Extracted records
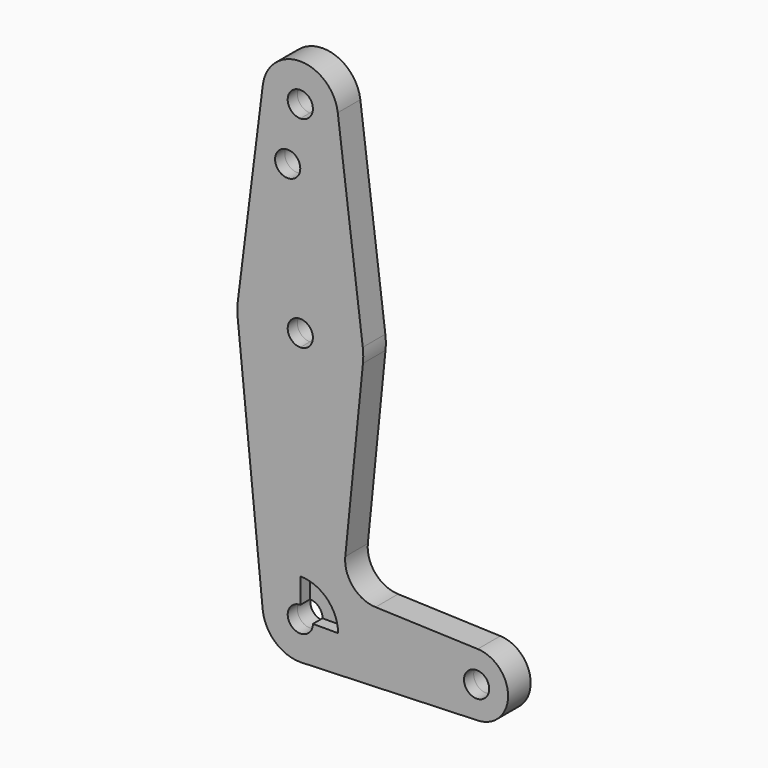
from build123d import *

# Parameters (mm, degrees)
F0_R     = 3.175
F1_DEPTH = 4.064
F2_DEPTH = 3.048


with BuildPart() as f1:
    # F0 (on Front) → F1 (new body)
    with BuildSketch(Plane.XZ):
        with BuildLine():
            ThreePointArc((15.7954255641, -1.5875), (15.8550939106, -0.7947465541), (15.875, 0))
            ThreePointArc((15.875, 0), (15.8438414904, 0.9941387366), (15.7504882737, 1.984375))
            ThreePointArc((15.7504882737, 1.984375), (10.5003255158, 11.90625), (0, 15.875))
            Line((0, 15.875), (0, 3.175))
            ThreePointArc((0, 3.175), (2.2450640303, 2.2450640303), (3.175, 0))
            ThreePointArc((3.175, 0), (2.2450640303, -2.2450640303), (0, -3.175))
            Line((0, -3.175), (0, -15.875))
            ThreePointArc((0, -15.875), (10.6492737428, -11.7732150983), (15.7954255641, -1.5875))
        make_face()
        with BuildLine():
            ThreePointArc((0, 15.875), (10.5003255158, 11.90625), (15.7504882737, 1.984375))
            Line((15.7504882737, 1.984375), (9.4502929642, 51.990625))
            ThreePointArc((9.4502929642, 51.990625), (9.5063048942, 51.396483242), (9.525, 50.8))
            ThreePointArc((9.525, 50.8), (6.7351920908, 44.0648079092), (0, 41.275))
            Line((0, 41.275), (0, 36.5252))
            Line((0, 36.5252), (0, 29.7381002456))
            Line((0, 29.7381002456), (0, 15.875))
        make_face()
        with BuildLine():
            Line((11.3411865923, -45.9066181876), (15.7954255641, -1.5875))
            ThreePointArc((15.7954255641, -1.5875), (10.6492737428, -11.7732150983), (0, -15.875))
            Line((0, -15.875), (0, -53.975))
            ThreePointArc((0, -53.975), (6.7351920908, -56.7648079092), (9.525, -63.5))
            Line((9.525, -63.5), (36.5125, -63.5))
            ThreePointArc((36.5125, -63.5), (38.9384772185, -57.7879930953), (44.7334821429, -55.5675637964))
            Line((44.7334821429, -55.5675637964), (18.9676000005, -54.6467662892))
            ThreePointArc((18.9676000005, -54.6467662892), (13.2611998974, -51.9286408502), (11.3411865923, -45.9066181876))
        make_face()
        with BuildLine():
            Line((0, 3.175), (0, 15.875))
            ThreePointArc((0, 15.875), (-10.5003255158, 11.90625), (-15.7504882737, 1.984375))
            ThreePointArc((-15.7504882737, 1.984375), (-15.8737438155, 0.1997054867), (-15.7954255641, -1.5875))
            ThreePointArc((-15.7954255641, -1.5875), (-10.6492737428, -11.7732150983), (0, -15.875))
            Line((0, -15.875), (0, -3.175))
            ThreePointArc((0, -3.175), (-3.175, 0), (0, 3.175))
        make_face()
        with BuildLine():
            ThreePointArc((-15.7504882737, 1.984375), (-10.5003255158, 11.90625), (0, 15.875))
            Line((0, 15.875), (0, 29.7381002456))
            Line((0, 29.7381002456), (0, 36.5252))
            Line((0, 36.5252), (0, 41.275))
            ThreePointArc((0, 41.275), (-7.14375, 44.4998046905), (-9.4502929642, 51.990625))
            Line((-9.4502929642, 51.990625), (-15.7504882737, 1.984375))
        make_face()
        with Locations((-3.175, 36.5252)):
            Circle(F0_R, mode=Mode.SUBTRACT)
        with BuildLine():
            ThreePointArc((9.525, 50.8), (9.5063048942, 51.396483242), (9.4502929642, 51.990625))
            ThreePointArc((9.4502929642, 51.990625), (0, 60.325), (-9.4502929642, 51.990625))
            ThreePointArc((-9.4502929642, 51.990625), (-7.14375, 44.4998046905), (0, 41.275))
            ThreePointArc((0, 41.275), (6.7351920908, 44.0648079092), (9.525, 50.8))
        make_face()
        with BuildLine():
            ThreePointArc((3.175, 50.8), (2.2450640303, 48.5549359697), (0, 47.625))
            ThreePointArc((0, 47.625), (-2.2450640303, 53.0450640303), (3.175, 50.8))
        make_face(mode=Mode.SUBTRACT)
        with BuildLine():
            Line((0, -53.975), (0, -15.875))
            ThreePointArc((0, -15.875), (-10.6492737428, -11.7732150983), (-15.7954255641, -1.5875))
            Line((-15.7954255641, -1.5875), (-9.4772553384, -64.4525))
            ThreePointArc((-9.4772553384, -64.4525), (-7.063929059, -57.1104357543), (0, -53.975))
        make_face()
        with BuildLine():
            Line((0, -60.325), (0, -53.975))
            ThreePointArc((0, -53.975), (-7.063929059, -57.1104357543), (-9.4772553384, -64.4525))
            ThreePointArc((-9.4772553384, -64.4525), (-6.3895642457, -70.563929059), (0, -73.025))
            Line((0, -73.025), (0.6773435479, -73.000885786))
            ThreePointArc((0.6773435479, -73.000885786), (6.9705567315, -69.9912990883), (9.525, -63.5))
            Line((9.525, -63.5), (3.175, -63.5))
            ThreePointArc((3.175, -63.5), (-2.2450640303, -65.7450640303), (0, -60.325))
        make_face()
        with BuildLine():
            Line((36.5125, -63.5), (9.525, -63.5))
            ThreePointArc((9.525, -63.5), (6.9705567315, -69.9912990883), (0.6773435479, -73.000885786))
            Line((0.6773435479, -73.000885786), (44.7324052746, -71.4324746146))
            ThreePointArc((44.7324052746, -71.4324746146), (38.9380895153, -69.2116327839), (36.5125, -63.5))
        make_face()
        with BuildLine():
            ThreePointArc((52.3875, -63.5), (50.1620069047, -57.9884772185), (44.7334821429, -55.5675637964))
            ThreePointArc((44.7334821429, -55.5675637964), (38.9384772185, -57.7879930953), (36.5125, -63.5))
            ThreePointArc((36.5125, -63.5), (38.9380895153, -69.2116327839), (44.7324052746, -71.4324746146))
            ThreePointArc((44.7324052746, -71.4324746146), (50.1616327839, -69.0119104847), (52.3875, -63.5))
        make_face()
        with BuildLine():
            ThreePointArc((47.625, -63.5), (44.45, -66.675), (41.275, -63.5))
            ThreePointArc((41.275, -63.5), (44.45, -60.325), (47.625, -63.5))
        make_face(mode=Mode.SUBTRACT)
        with BuildLine():
            Line((0.6773435479, -73.000885786), (0, -73.025))
            ThreePointArc((0, -73.025), (0.3388863295, -73.0189695375), (0.6773435479, -73.000885786))
        make_face()
        with BuildLine():
            ThreePointArc((9.525, -63.5), (6.7351920908, -56.7648079092), (0, -53.975))
            Line((0, -53.975), (0, -60.325))
            ThreePointArc((0, -60.325), (2.2450640303, -61.2549359697), (3.175, -63.5))
            Line((3.175, -63.5), (9.525, -63.5))
        make_face()
    extrude(amount=-F1_DEPTH)

    # F0 (on Front) → F2 (join)
    with BuildSketch(Plane.XZ):
        with BuildLine():
            ThreePointArc((15.7954255641, -1.5875), (15.8550939106, -0.7947465541), (15.875, 0))
            ThreePointArc((15.875, 0), (15.8438414904, 0.9941387366), (15.7504882737, 1.984375))
            ThreePointArc((15.7504882737, 1.984375), (10.5003255158, 11.90625), (0, 15.875))
            Line((0, 15.875), (0, 3.175))
            ThreePointArc((0, 3.175), (2.2450640303, 2.2450640303), (3.175, 0))
            ThreePointArc((3.175, 0), (2.2450640303, -2.2450640303), (0, -3.175))
            Line((0, -3.175), (0, -15.875))
            ThreePointArc((0, -15.875), (10.6492737428, -11.7732150983), (15.7954255641, -1.5875))
        make_face()
        with BuildLine():
            ThreePointArc((0, 15.875), (10.5003255158, 11.90625), (15.7504882737, 1.984375))
            Line((15.7504882737, 1.984375), (9.4502929642, 51.990625))
            ThreePointArc((9.4502929642, 51.990625), (9.5063048942, 51.396483242), (9.525, 50.8))
            ThreePointArc((9.525, 50.8), (6.7351920908, 44.0648079092), (0, 41.275))
            Line((0, 41.275), (0, 36.5252))
            Line((0, 36.5252), (0, 29.7381002456))
            Line((0, 29.7381002456), (0, 15.875))
        make_face()
        with BuildLine():
            Line((11.3411865923, -45.9066181876), (15.7954255641, -1.5875))
            ThreePointArc((15.7954255641, -1.5875), (10.6492737428, -11.7732150983), (0, -15.875))
            Line((0, -15.875), (0, -53.975))
            ThreePointArc((0, -53.975), (6.7351920908, -56.7648079092), (9.525, -63.5))
            Line((9.525, -63.5), (36.5125, -63.5))
            ThreePointArc((36.5125, -63.5), (38.9384772185, -57.7879930953), (44.7334821429, -55.5675637964))
            Line((44.7334821429, -55.5675637964), (18.9676000005, -54.6467662892))
            ThreePointArc((18.9676000005, -54.6467662892), (13.2611998974, -51.9286408502), (11.3411865923, -45.9066181876))
        make_face()
        with BuildLine():
            Line((0, 3.175), (0, 15.875))
            ThreePointArc((0, 15.875), (-10.5003255158, 11.90625), (-15.7504882737, 1.984375))
            ThreePointArc((-15.7504882737, 1.984375), (-15.8737438155, 0.1997054867), (-15.7954255641, -1.5875))
            ThreePointArc((-15.7954255641, -1.5875), (-10.6492737428, -11.7732150983), (0, -15.875))
            Line((0, -15.875), (0, -3.175))
            ThreePointArc((0, -3.175), (-3.175, 0), (0, 3.175))
        make_face()
        with BuildLine():
            ThreePointArc((-15.7504882737, 1.984375), (-10.5003255158, 11.90625), (0, 15.875))
            Line((0, 15.875), (0, 29.7381002456))
            Line((0, 29.7381002456), (0, 36.5252))
            Line((0, 36.5252), (0, 41.275))
            ThreePointArc((0, 41.275), (-7.14375, 44.4998046905), (-9.4502929642, 51.990625))
            Line((-9.4502929642, 51.990625), (-15.7504882737, 1.984375))
        make_face()
        with Locations((-3.175, 36.5252)):
            Circle(F0_R, mode=Mode.SUBTRACT)
        with BuildLine():
            ThreePointArc((9.525, 50.8), (9.5063048942, 51.396483242), (9.4502929642, 51.990625))
            ThreePointArc((9.4502929642, 51.990625), (0, 60.325), (-9.4502929642, 51.990625))
            ThreePointArc((-9.4502929642, 51.990625), (-7.14375, 44.4998046905), (0, 41.275))
            ThreePointArc((0, 41.275), (6.7351920908, 44.0648079092), (9.525, 50.8))
        make_face()
        with BuildLine():
            ThreePointArc((3.175, 50.8), (2.2450640303, 48.5549359697), (0, 47.625))
            ThreePointArc((0, 47.625), (-2.2450640303, 53.0450640303), (3.175, 50.8))
        make_face(mode=Mode.SUBTRACT)
        with BuildLine():
            Line((0, -53.975), (0, -15.875))
            ThreePointArc((0, -15.875), (-10.6492737428, -11.7732150983), (-15.7954255641, -1.5875))
            Line((-15.7954255641, -1.5875), (-9.4772553384, -64.4525))
            ThreePointArc((-9.4772553384, -64.4525), (-7.063929059, -57.1104357543), (0, -53.975))
        make_face()
        with BuildLine():
            Line((0, -60.325), (0, -53.975))
            ThreePointArc((0, -53.975), (-7.063929059, -57.1104357543), (-9.4772553384, -64.4525))
            ThreePointArc((-9.4772553384, -64.4525), (-6.3895642457, -70.563929059), (0, -73.025))
            Line((0, -73.025), (0.6773435479, -73.000885786))
            ThreePointArc((0.6773435479, -73.000885786), (6.9705567315, -69.9912990883), (9.525, -63.5))
            Line((9.525, -63.5), (3.175, -63.5))
            ThreePointArc((3.175, -63.5), (-2.2450640303, -65.7450640303), (0, -60.325))
        make_face()
        with BuildLine():
            Line((36.5125, -63.5), (9.525, -63.5))
            ThreePointArc((9.525, -63.5), (6.9705567315, -69.9912990883), (0.6773435479, -73.000885786))
            Line((0.6773435479, -73.000885786), (44.7324052746, -71.4324746146))
            ThreePointArc((44.7324052746, -71.4324746146), (38.9380895153, -69.2116327839), (36.5125, -63.5))
        make_face()
        with BuildLine():
            ThreePointArc((52.3875, -63.5), (50.1620069047, -57.9884772185), (44.7334821429, -55.5675637964))
            ThreePointArc((44.7334821429, -55.5675637964), (38.9384772185, -57.7879930953), (36.5125, -63.5))
            ThreePointArc((36.5125, -63.5), (38.9380895153, -69.2116327839), (44.7324052746, -71.4324746146))
            ThreePointArc((44.7324052746, -71.4324746146), (50.1616327839, -69.0119104847), (52.3875, -63.5))
        make_face()
        with BuildLine():
            ThreePointArc((47.625, -63.5), (44.45, -66.675), (41.275, -63.5))
            ThreePointArc((41.275, -63.5), (44.45, -60.325), (47.625, -63.5))
        make_face(mode=Mode.SUBTRACT)
        with BuildLine():
            Line((0.6773435479, -73.000885786), (0, -73.025))
            ThreePointArc((0, -73.025), (0.3388863295, -73.0189695375), (0.6773435479, -73.000885786))
        make_face()
    extrude(amount=F2_DEPTH)


solid = f1.part

■ Your objective ■
Work out how many lines above contain "amount"; write only the number.

■ Response box ■
2